Брюнет присмотрелся.
— Кажется, — промолвил он.
Впрочем, у обоих был такой вид, что немудрено было и не узнать друг друга.
Николай вскоре узнал, что все находившиеся в бараке были или врачами, или биологами, или генетиками (слово новое, Николай несколько раз переспросил, пока не запомнил его).
Вскоре всех пленных вывели на улицу, и офицер потребовал через Николая-переводчика, чтобы они забрались в «студебеккер». Через пять минут погрузка была завершена, и машина в сопровождении двух офицеров с автоматами двинулась в неизвестном направлении. Николай отчетливо слышал шум боя, машина шла в ту сторону, откуда стреляли.
Теплый летний вечер приятно освежал взмокшую грудь. Снова начинала болеть голова. Николай перемигнулся с сидевшим напротив него молодым ученым. И они поняли друг друга.

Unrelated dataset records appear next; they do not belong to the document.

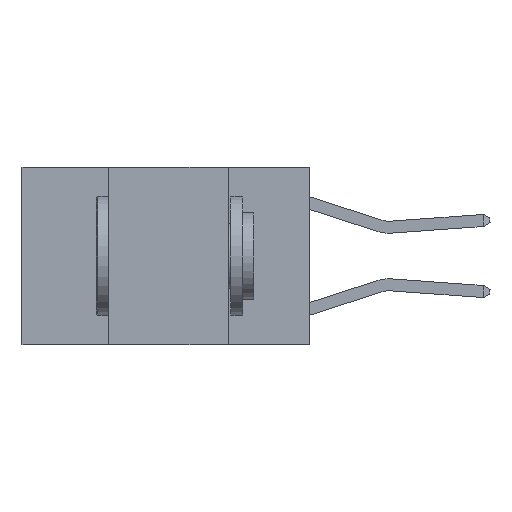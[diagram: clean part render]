
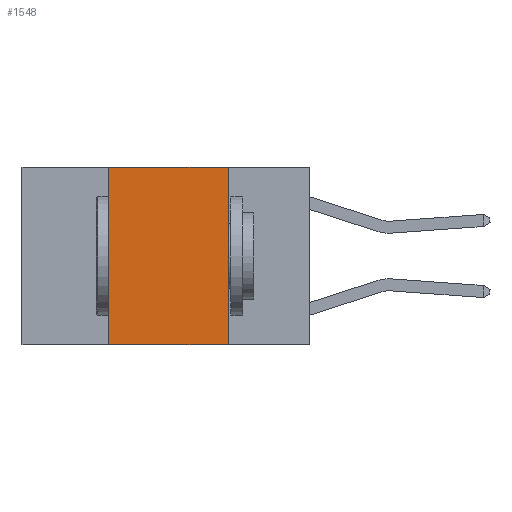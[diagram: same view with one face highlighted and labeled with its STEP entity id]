
A CAD part, left-side view. The second image highlights one B-rep face of the part: STEP entity #1548.
In plain terms, the highlighted planar face has unit normal (-1, 0, 0).
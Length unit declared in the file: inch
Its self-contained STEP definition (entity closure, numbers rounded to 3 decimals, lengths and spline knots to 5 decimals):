
#412 = CARTESIAN_POINT ( 'NONE',  ( 0., 0.42, 0. ) ) ;
#479 = DIRECTION ( 'NONE',  ( 0., 0., -1. ) ) ;
#1053 = DIRECTION ( 'NONE',  ( 0., 0., 1. ) ) ;
#1548 = ADVANCED_FACE ( 'NONE', ( #12497 ), #17522, .F. ) ;
#1895 = VERTEX_POINT ( 'NONE', #6671 ) ;
#3355 = ORIENTED_EDGE ( 'NONE', *, *, #6110, .T. ) ;
#4152 = ORIENTED_EDGE ( 'NONE', *, *, #13798, .F. ) ;
#4201 = ORIENTED_EDGE ( 'NONE', *, *, #20780, .F. ) ;
#5007 = LINE ( 'NONE', #19967, #7887 ) ;
#5999 = DIRECTION ( 'NONE',  ( 0., 0., -1. ) ) ;
#6110 = EDGE_CURVE ( 'NONE', #15942, #9232, #5007, .T. ) ;
#6671 = CARTESIAN_POINT ( 'NONE',  ( 0., 0.17, 0. ) ) ;
#7330 = LINE ( 'NONE', #15935, #13529 ) ;
#7407 = CARTESIAN_POINT ( 'NONE',  ( 0., 0.17, -0.37 ) ) ;
#7887 = VECTOR ( 'NONE', #11680, 39.37008 ) ;
#9232 = VERTEX_POINT ( 'NONE', #7407 ) ;
#10893 = LINE ( 'NONE', #12372, #13048 ) ;
#11166 = CARTESIAN_POINT ( 'NONE',  ( 0., 0.42, 0. ) ) ;
#11680 = DIRECTION ( 'NONE',  ( 0., -1., 0. ) ) ;
#12372 = CARTESIAN_POINT ( 'NONE',  ( 0., 0.6, 0. ) ) ;
#12497 = FACE_OUTER_BOUND ( 'NONE', #21251, .T. ) ;
#12872 = LINE ( 'NONE', #11166, #13857 ) ;
#13048 = VECTOR ( 'NONE', #19193, 39.37008 ) ;
#13529 = VECTOR ( 'NONE', #5999, 39.37008 ) ;
#13798 = EDGE_CURVE ( 'NONE', #15942, #15721, #12872, .T. ) ;
#13857 = VECTOR ( 'NONE', #1053, 39.37008 ) ;
#15083 = CARTESIAN_POINT ( 'NONE',  ( 0., 0.42, -0.37 ) ) ;
#15721 = VERTEX_POINT ( 'NONE', #412 ) ;
#15935 = CARTESIAN_POINT ( 'NONE',  ( 0., 0.17, 0. ) ) ;
#15942 = VERTEX_POINT ( 'NONE', #15083 ) ;
#17522 = PLANE ( 'NONE',  #19794 ) ;
#18065 = EDGE_CURVE ( 'NONE', #15721, #1895, #10893, .T. ) ;
#19193 = DIRECTION ( 'NONE',  ( 0., -1., 0. ) ) ;
#19794 = AXIS2_PLACEMENT_3D ( 'NONE', #20476, #20877, #479 ) ;
#19967 = CARTESIAN_POINT ( 'NONE',  ( 0., 0.6, -0.37 ) ) ;
#20476 = CARTESIAN_POINT ( 'NONE',  ( 0., 0.6, 0. ) ) ;
#20780 = EDGE_CURVE ( 'NONE', #1895, #9232, #7330, .T. ) ;
#20824 = ORIENTED_EDGE ( 'NONE', *, *, #18065, .F. ) ;
#20877 = DIRECTION ( 'NONE',  ( 1., 0., 0. ) ) ;
#21251 = EDGE_LOOP ( 'NONE', ( #4201, #20824, #4152, #3355 ) ) ;
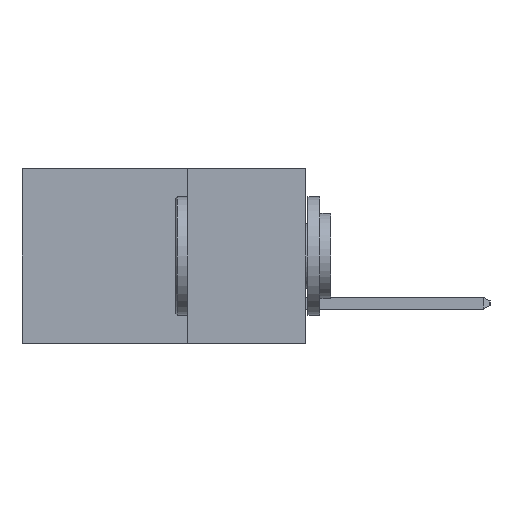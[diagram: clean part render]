
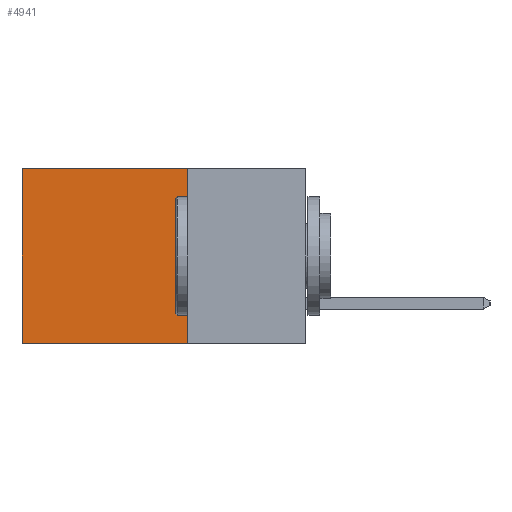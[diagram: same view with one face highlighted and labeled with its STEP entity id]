
A CAD part, left-side view. The second image highlights one B-rep face of the part: STEP entity #4941.
In plain terms, the highlighted planar face has unit normal (-1, 0, 0).
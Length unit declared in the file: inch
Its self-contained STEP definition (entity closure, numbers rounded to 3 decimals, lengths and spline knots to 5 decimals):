
#89 = EDGE_CURVE ( 'NONE', #5411, #1932, #17009, .T. ) ;
#930 = AXIS2_PLACEMENT_3D ( 'NONE', #9989, #1518, #16879 ) ;
#999 = EDGE_CURVE ( 'NONE', #1932, #13374, #12658, .T. ) ;
#1518 = DIRECTION ( 'NONE',  ( 1., 0., 0. ) ) ;
#1842 = DIRECTION ( 'NONE',  ( 0., 1., 0. ) ) ;
#1932 = VERTEX_POINT ( 'NONE', #9927 ) ;
#1996 = LINE ( 'NONE', #7670, #9443 ) ;
#2174 = DIRECTION ( 'NONE',  ( 0., 0., -1. ) ) ;
#4366 = ORIENTED_EDGE ( 'NONE', *, *, #14084, .T. ) ;
#4897 = ORIENTED_EDGE ( 'NONE', *, *, #89, .F. ) ;
#4941 = ADVANCED_FACE ( 'NONE', ( #12087 ), #6944, .F. ) ;
#5411 = VERTEX_POINT ( 'NONE', #13742 ) ;
#6944 = PLANE ( 'NONE',  #930 ) ;
#7670 = CARTESIAN_POINT ( 'NONE',  ( 0.298, 0.25, 0. ) ) ;
#8474 = ORIENTED_EDGE ( 'NONE', *, *, #999, .F. ) ;
#8621 = VECTOR ( 'NONE', #14971, 39.37008 ) ;
#9023 = VECTOR ( 'NONE', #12272, 39.37008 ) ;
#9246 = VECTOR ( 'NONE', #2174, 39.37008 ) ;
#9443 = VECTOR ( 'NONE', #1842, 39.37008 ) ;
#9927 = CARTESIAN_POINT ( 'NONE',  ( 0.298, 0.25, -0.37 ) ) ;
#9989 = CARTESIAN_POINT ( 'NONE',  ( 0.298, 0.25, 0. ) ) ;
#10887 = CARTESIAN_POINT ( 'NONE',  ( 0.298, 0.6, 0. ) ) ;
#11437 = EDGE_LOOP ( 'NONE', ( #4366, #8474, #4897, #16007 ) ) ;
#11850 = CARTESIAN_POINT ( 'NONE',  ( 0.298, 0.25, 0. ) ) ;
#11972 = CARTESIAN_POINT ( 'NONE',  ( 0.298, 0.25, -0.37 ) ) ;
#12087 = FACE_OUTER_BOUND ( 'NONE', #11437, .T. ) ;
#12272 = DIRECTION ( 'NONE',  ( 0., 1., 0. ) ) ;
#12658 = LINE ( 'NONE', #11972, #9023 ) ;
#12713 = CARTESIAN_POINT ( 'NONE',  ( 0.298, 0.6, -0.37 ) ) ;
#13374 = VERTEX_POINT ( 'NONE', #12713 ) ;
#13742 = CARTESIAN_POINT ( 'NONE',  ( 0.298, 0.25, 0. ) ) ;
#13849 = EDGE_CURVE ( 'NONE', #5411, #16109, #1996, .T. ) ;
#14084 = EDGE_CURVE ( 'NONE', #16109, #13374, #15928, .T. ) ;
#14843 = CARTESIAN_POINT ( 'NONE',  ( 0.298, 0.6, 0. ) ) ;
#14971 = DIRECTION ( 'NONE',  ( 0., 0., -1. ) ) ;
#15928 = LINE ( 'NONE', #10887, #8621 ) ;
#16007 = ORIENTED_EDGE ( 'NONE', *, *, #13849, .T. ) ;
#16109 = VERTEX_POINT ( 'NONE', #14843 ) ;
#16879 = DIRECTION ( 'NONE',  ( 0., 0., -1. ) ) ;
#17009 = LINE ( 'NONE', #11850, #9246 ) ;
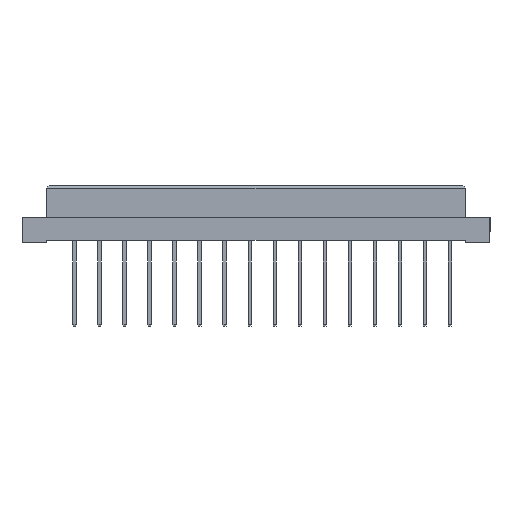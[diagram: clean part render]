
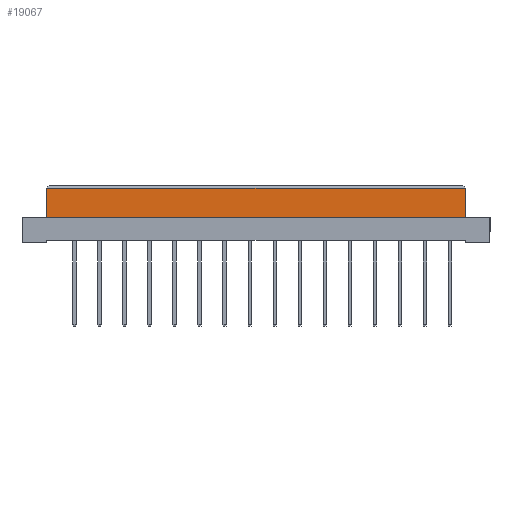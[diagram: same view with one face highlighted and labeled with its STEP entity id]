
A CAD part, top view. The second image highlights one B-rep face of the part: STEP entity #19067.
In plain terms, the highlighted planar face has unit normal (0, 0, 1).
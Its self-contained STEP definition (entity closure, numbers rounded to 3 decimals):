
#264 = LINE ( 'NONE', #29648, #19770 ) ;
#1059 = DIRECTION ( 'NONE',  ( 1., 0., 0. ) ) ;
#1450 = CARTESIAN_POINT ( 'NONE',  ( 42.5, -6.4, 4.25 ) ) ;
#3254 = CARTESIAN_POINT ( 'NONE',  ( 42.5, -6.4, 4.25 ) ) ;
#4566 = EDGE_CURVE ( 'NONE', #23300, #16118, #13547, .T. ) ;
#4902 = EDGE_LOOP ( 'NONE', ( #8693, #26234, #6411, #17490 ) ) ;
#5520 = VERTEX_POINT ( 'NONE', #20220 ) ;
#5946 = DIRECTION ( 'NONE',  ( 1., 0., 0. ) ) ;
#6411 = ORIENTED_EDGE ( 'NONE', *, *, #27891, .F. ) ;
#6627 = VERTEX_POINT ( 'NONE', #13848 ) ;
#6666 = CARTESIAN_POINT ( 'NONE',  ( 42.5, -0.5, 4.25 ) ) ;
#8047 = CARTESIAN_POINT ( 'NONE',  ( 42.5, -6.4, 4.25 ) ) ;
#8693 = ORIENTED_EDGE ( 'NONE', *, *, #19307, .T. ) ;
#11206 = VECTOR ( 'NONE', #1059, 1000. ) ;
#13048 = LINE ( 'NONE', #1450, #11206 ) ;
#13547 = LINE ( 'NONE', #22249, #23437 ) ;
#13848 = CARTESIAN_POINT ( 'NONE',  ( -42.5, -6.4, 4.25 ) ) ;
#14874 = CARTESIAN_POINT ( 'NONE',  ( -42.5, -0.5, 4.25 ) ) ;
#16118 = VERTEX_POINT ( 'NONE', #14874 ) ;
#16647 = DIRECTION ( 'NONE',  ( -1., 0., 0. ) ) ;
#16945 = DIRECTION ( 'NONE',  ( 0., 1., 0. ) ) ;
#17490 = ORIENTED_EDGE ( 'NONE', *, *, #30587, .T. ) ;
#17730 = PLANE ( 'NONE',  #31484 ) ;
#19067 = ADVANCED_FACE ( 'NONE', ( #26455 ), #17730, .T. ) ;
#19138 = VECTOR ( 'NONE', #16945, 1000. ) ;
#19307 = EDGE_CURVE ( 'NONE', #5520, #23300, #25648, .T. ) ;
#19770 = VECTOR ( 'NONE', #23086, 1000. ) ;
#20220 = CARTESIAN_POINT ( 'NONE',  ( 42.5, -6.4, 4.25 ) ) ;
#22249 = CARTESIAN_POINT ( 'NONE',  ( -42.5, -0.5, 4.25 ) ) ;
#23086 = DIRECTION ( 'NONE',  ( 0., 1., 0. ) ) ;
#23300 = VERTEX_POINT ( 'NONE', #6666 ) ;
#23437 = VECTOR ( 'NONE', #16647, 1000. ) ;
#25648 = LINE ( 'NONE', #8047, #19138 ) ;
#26234 = ORIENTED_EDGE ( 'NONE', *, *, #4566, .T. ) ;
#26455 = FACE_OUTER_BOUND ( 'NONE', #4902, .T. ) ;
#27891 = EDGE_CURVE ( 'NONE', #6627, #16118, #264, .T. ) ;
#29648 = CARTESIAN_POINT ( 'NONE',  ( -42.5, -6.4, 4.25 ) ) ;
#30587 = EDGE_CURVE ( 'NONE', #6627, #5520, #13048, .T. ) ;
#31484 = AXIS2_PLACEMENT_3D ( 'NONE', #3254, #32608, #5946 ) ;
#32608 = DIRECTION ( 'NONE',  ( 0., 0., 1. ) ) ;
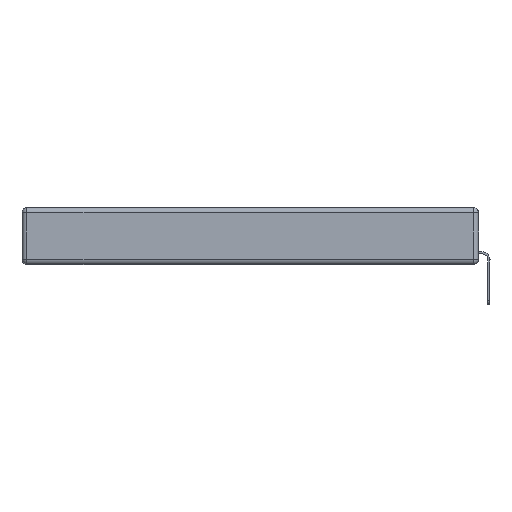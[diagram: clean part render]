
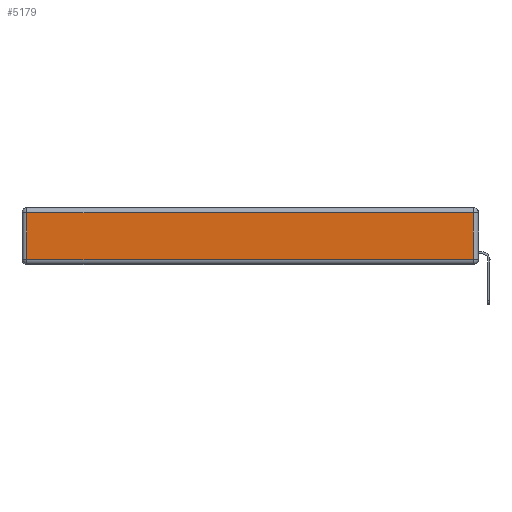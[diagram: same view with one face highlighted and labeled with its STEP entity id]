
A CAD part, left-side view. The second image highlights one B-rep face of the part: STEP entity #5179.
In plain terms, the highlighted planar face has unit normal (-1, 0, 0).
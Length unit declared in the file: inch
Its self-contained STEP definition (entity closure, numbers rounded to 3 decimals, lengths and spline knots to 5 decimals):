
#307 = EDGE_CURVE ( 'NONE', #11898, #5589, #3894, .T. ) ;
#692 = ORIENTED_EDGE ( 'NONE', *, *, #5058, .T. ) ;
#1132 = DIRECTION ( 'NONE',  ( 0., 0., 1. ) ) ;
#1263 = CARTESIAN_POINT ( 'NONE',  ( 0., 0., -0.313 ) ) ;
#1559 = FACE_OUTER_BOUND ( 'NONE', #10139, .T. ) ;
#2125 = LINE ( 'NONE', #11652, #7374 ) ;
#2568 = DIRECTION ( 'NONE',  ( 0., 1., 0. ) ) ;
#3032 = DIRECTION ( 'NONE',  ( 0., -1., 0. ) ) ;
#3894 = LINE ( 'NONE', #11840, #11525 ) ;
#5058 = EDGE_CURVE ( 'NONE', #7787, #5123, #2125, .T. ) ;
#5123 = VERTEX_POINT ( 'NONE', #8178 ) ;
#5179 = ADVANCED_FACE ( 'NONE', ( #1559 ), #9050, .T. ) ;
#5329 = CARTESIAN_POINT ( 'NONE',  ( 0., 0., -0.343 ) ) ;
#5498 = VECTOR ( 'NONE', #2568, 39.37008 ) ;
#5589 = VERTEX_POINT ( 'NONE', #8148 ) ;
#6352 = CARTESIAN_POINT ( 'NONE',  ( 0., 2.75, -0.03 ) ) ;
#7229 = ORIENTED_EDGE ( 'NONE', *, *, #7688, .T. ) ;
#7374 = VECTOR ( 'NONE', #9827, 39.37008 ) ;
#7688 = EDGE_CURVE ( 'NONE', #5589, #7787, #12022, .T. ) ;
#7715 = ORIENTED_EDGE ( 'NONE', *, *, #307, .T. ) ;
#7787 = VERTEX_POINT ( 'NONE', #9866 ) ;
#8148 = CARTESIAN_POINT ( 'NONE',  ( 0., 0.03, -0.03 ) ) ;
#8178 = CARTESIAN_POINT ( 'NONE',  ( 0., 2.72, -0.313 ) ) ;
#8236 = DIRECTION ( 'NONE',  ( 0., 0., 1. ) ) ;
#9050 = PLANE ( 'NONE',  #9178 ) ;
#9107 = VECTOR ( 'NONE', #3032, 39.37008 ) ;
#9178 = AXIS2_PLACEMENT_3D ( 'NONE', #5329, #9181, #8236 ) ;
#9181 = DIRECTION ( 'NONE',  ( -1., 0., 0. ) ) ;
#9656 = LINE ( 'NONE', #1263, #9107 ) ;
#9827 = DIRECTION ( 'NONE',  ( 0., 0., -1. ) ) ;
#9866 = CARTESIAN_POINT ( 'NONE',  ( 0., 2.72, -0.03 ) ) ;
#10131 = ORIENTED_EDGE ( 'NONE', *, *, #11571, .T. ) ;
#10139 = EDGE_LOOP ( 'NONE', ( #10131, #7715, #7229, #692 ) ) ;
#11005 = CARTESIAN_POINT ( 'NONE',  ( 0., 0.03, -0.313 ) ) ;
#11525 = VECTOR ( 'NONE', #1132, 39.37008 ) ;
#11571 = EDGE_CURVE ( 'NONE', #5123, #11898, #9656, .T. ) ;
#11652 = CARTESIAN_POINT ( 'NONE',  ( 0., 2.72, -0.343 ) ) ;
#11840 = CARTESIAN_POINT ( 'NONE',  ( 0., 0.03, -0.343 ) ) ;
#11898 = VERTEX_POINT ( 'NONE', #11005 ) ;
#12022 = LINE ( 'NONE', #6352, #5498 ) ;
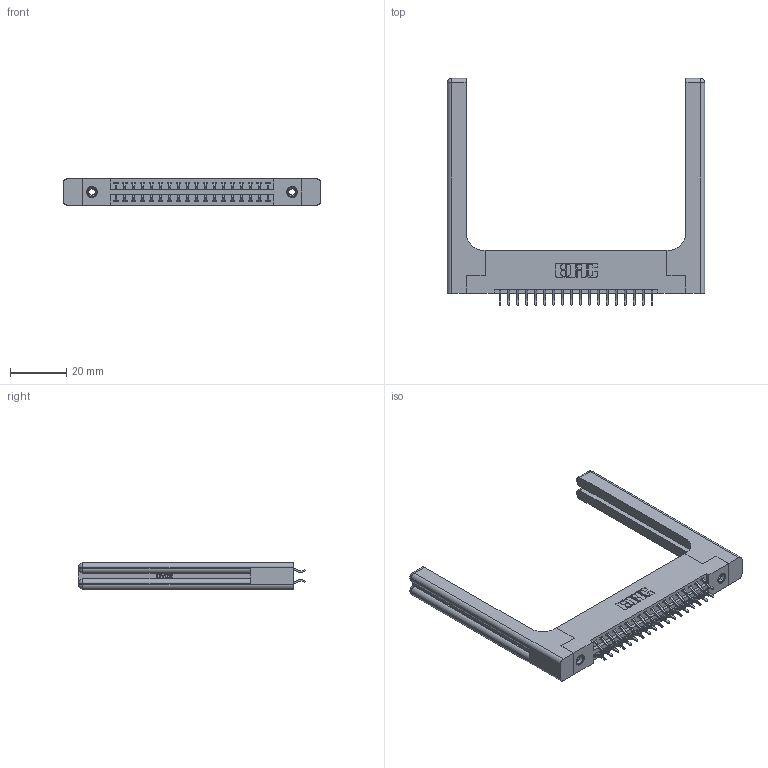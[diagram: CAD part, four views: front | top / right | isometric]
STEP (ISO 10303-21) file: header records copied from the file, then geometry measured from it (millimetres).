
FILE_DESCRIPTION (( 'STEP AP203' ), '1' );
FILE_NAME ('346-036-556-258.STEP', '2022-05-19T22:08:55', ( '' ), ( '' ), 'SwSTEP 2.0', 'SolidWorks 2020', '' );
FILE_SCHEMA (( 'CONFIG_CONTROL_DESIGN' ));
Length unit declared in the file: inch
Products named in the file (5): 345-292-001_556 Tail; 346-036-556-258; 346-220-058_345-220-058; 346 Part_Flush Mounting Lugs - 0.156 Dia-TH; 345-250-001_345-250-001-102
Assembly tree (41 placements, depth 2):
  346-036-556-258
    346 Part_Flush Mounting Lugs - 0.156 Dia-TH
    345-292-001_556 Tail  x36
    345-250-001_345-250-001-102  x2
    346-220-058_345-220-058  x2
Bounding box: 91.21 x 80.53 x 9.4 mm (x, y, z)
Volume: 16182.6 mm3; surface area: 16539.3 mm2
Topology: 41 solids, 41 shells, 2480 faces, 7259 edges, 4770 vertices
Faces by surface type: plane 1642, cylinder 778, bspline 36, cone 12, sphere 8, torus 4
Entity records: 20796 total; most frequent: CARTESIAN_POINT 4487, ORIENTED_EDGE 3204, DIRECTION 2926, EDGE_CURVE 1602, VECTOR 1298, LINE 1298, VERTEX_POINT 1058, AXIS2_PLACEMENT_3D 814

Почти одновременно пленные выбросили из кузова на полном ходу обоих растяп-автоматчиков, причем у одного из них удалось вырвать автомат. Шоферу было приказано включить полный газ и ехать туда, где стреляют.
«Студебеккер» проскочил несколько постов и остановился лишь тогда, когда у него были пробиты все скаты. Ученые повыскакивали по команде Николая из кузова и спрятались под грузовиком. Появились советские солдаты.
Николай и представители науки утром были направлены в Ленинград для выяснения, как в то время говорили, «некоторых обстоятельств».
5
— Ну что, Виктор Иванов? — спрашивал в уютном кабинете Николая молодой лейтенант, улыбаясь и всем своим видом показывая, что кому-кому, а ему прекрасно известно, что перед ним не Иванов, а…
— Кузьмин Николай Иванович, комсомолец, родом из Сестрорецка, из семьи рабочего, воевал там-то и там-то, в бессознательном состоянии был захвачен немцами, но тут же отбился и привез группу ученых-врачей.
— Зачем в плен сдался? — спросил находившийся в кабинете другой сотрудник.
Николай улыбнулся:
— Так ведь все равно как мертвый был.
— Согласие на сотрудничество немцам давал?
Николай вскочил:
— Да, как вы смеете! Я — согласие немцам! Да вы что?
— Что тут особенного? — удивился третий. — Если нет, тогда все в порядке.
Но порядка Николай тут никакого не видел. Не было порядка в том, что с таким подозрением отнесся к нему один из сотрудников. Лейтенант — тот ничего. Мало ли что они подозревают, на то они и поставлены — это их работа. Но в любых обстоятельствах нельзя унижать человека, в этом Николай был абсолютно убежден.
Николая привели в камеру, щелкнул замок. Он остался один. Ему приносили есть и пить, выводили на прогулки. Допросы возобновились только через трое суток.
— Будем колоться? — спрашивал Николая тот, третий.
— Чего?
— Ну, расскажешь, для чего тебе нужна история о том, что ты родился в Сестрорецке, и все прочее, и почему назвался Ивановым?
— На понт берете, — в тон ему ответил Кузьмин, — я действительно сестрорецкий, а что до Иванова, так надо же бдительность проявлять, не своей же фамилией называться — кругом немцы.
— А что за команду привел, знаешь?
— Не знаю, сунули к ним, чтобы переводил.
— Что переводил?
— Да ничего, только успели познакомиться, как привезли.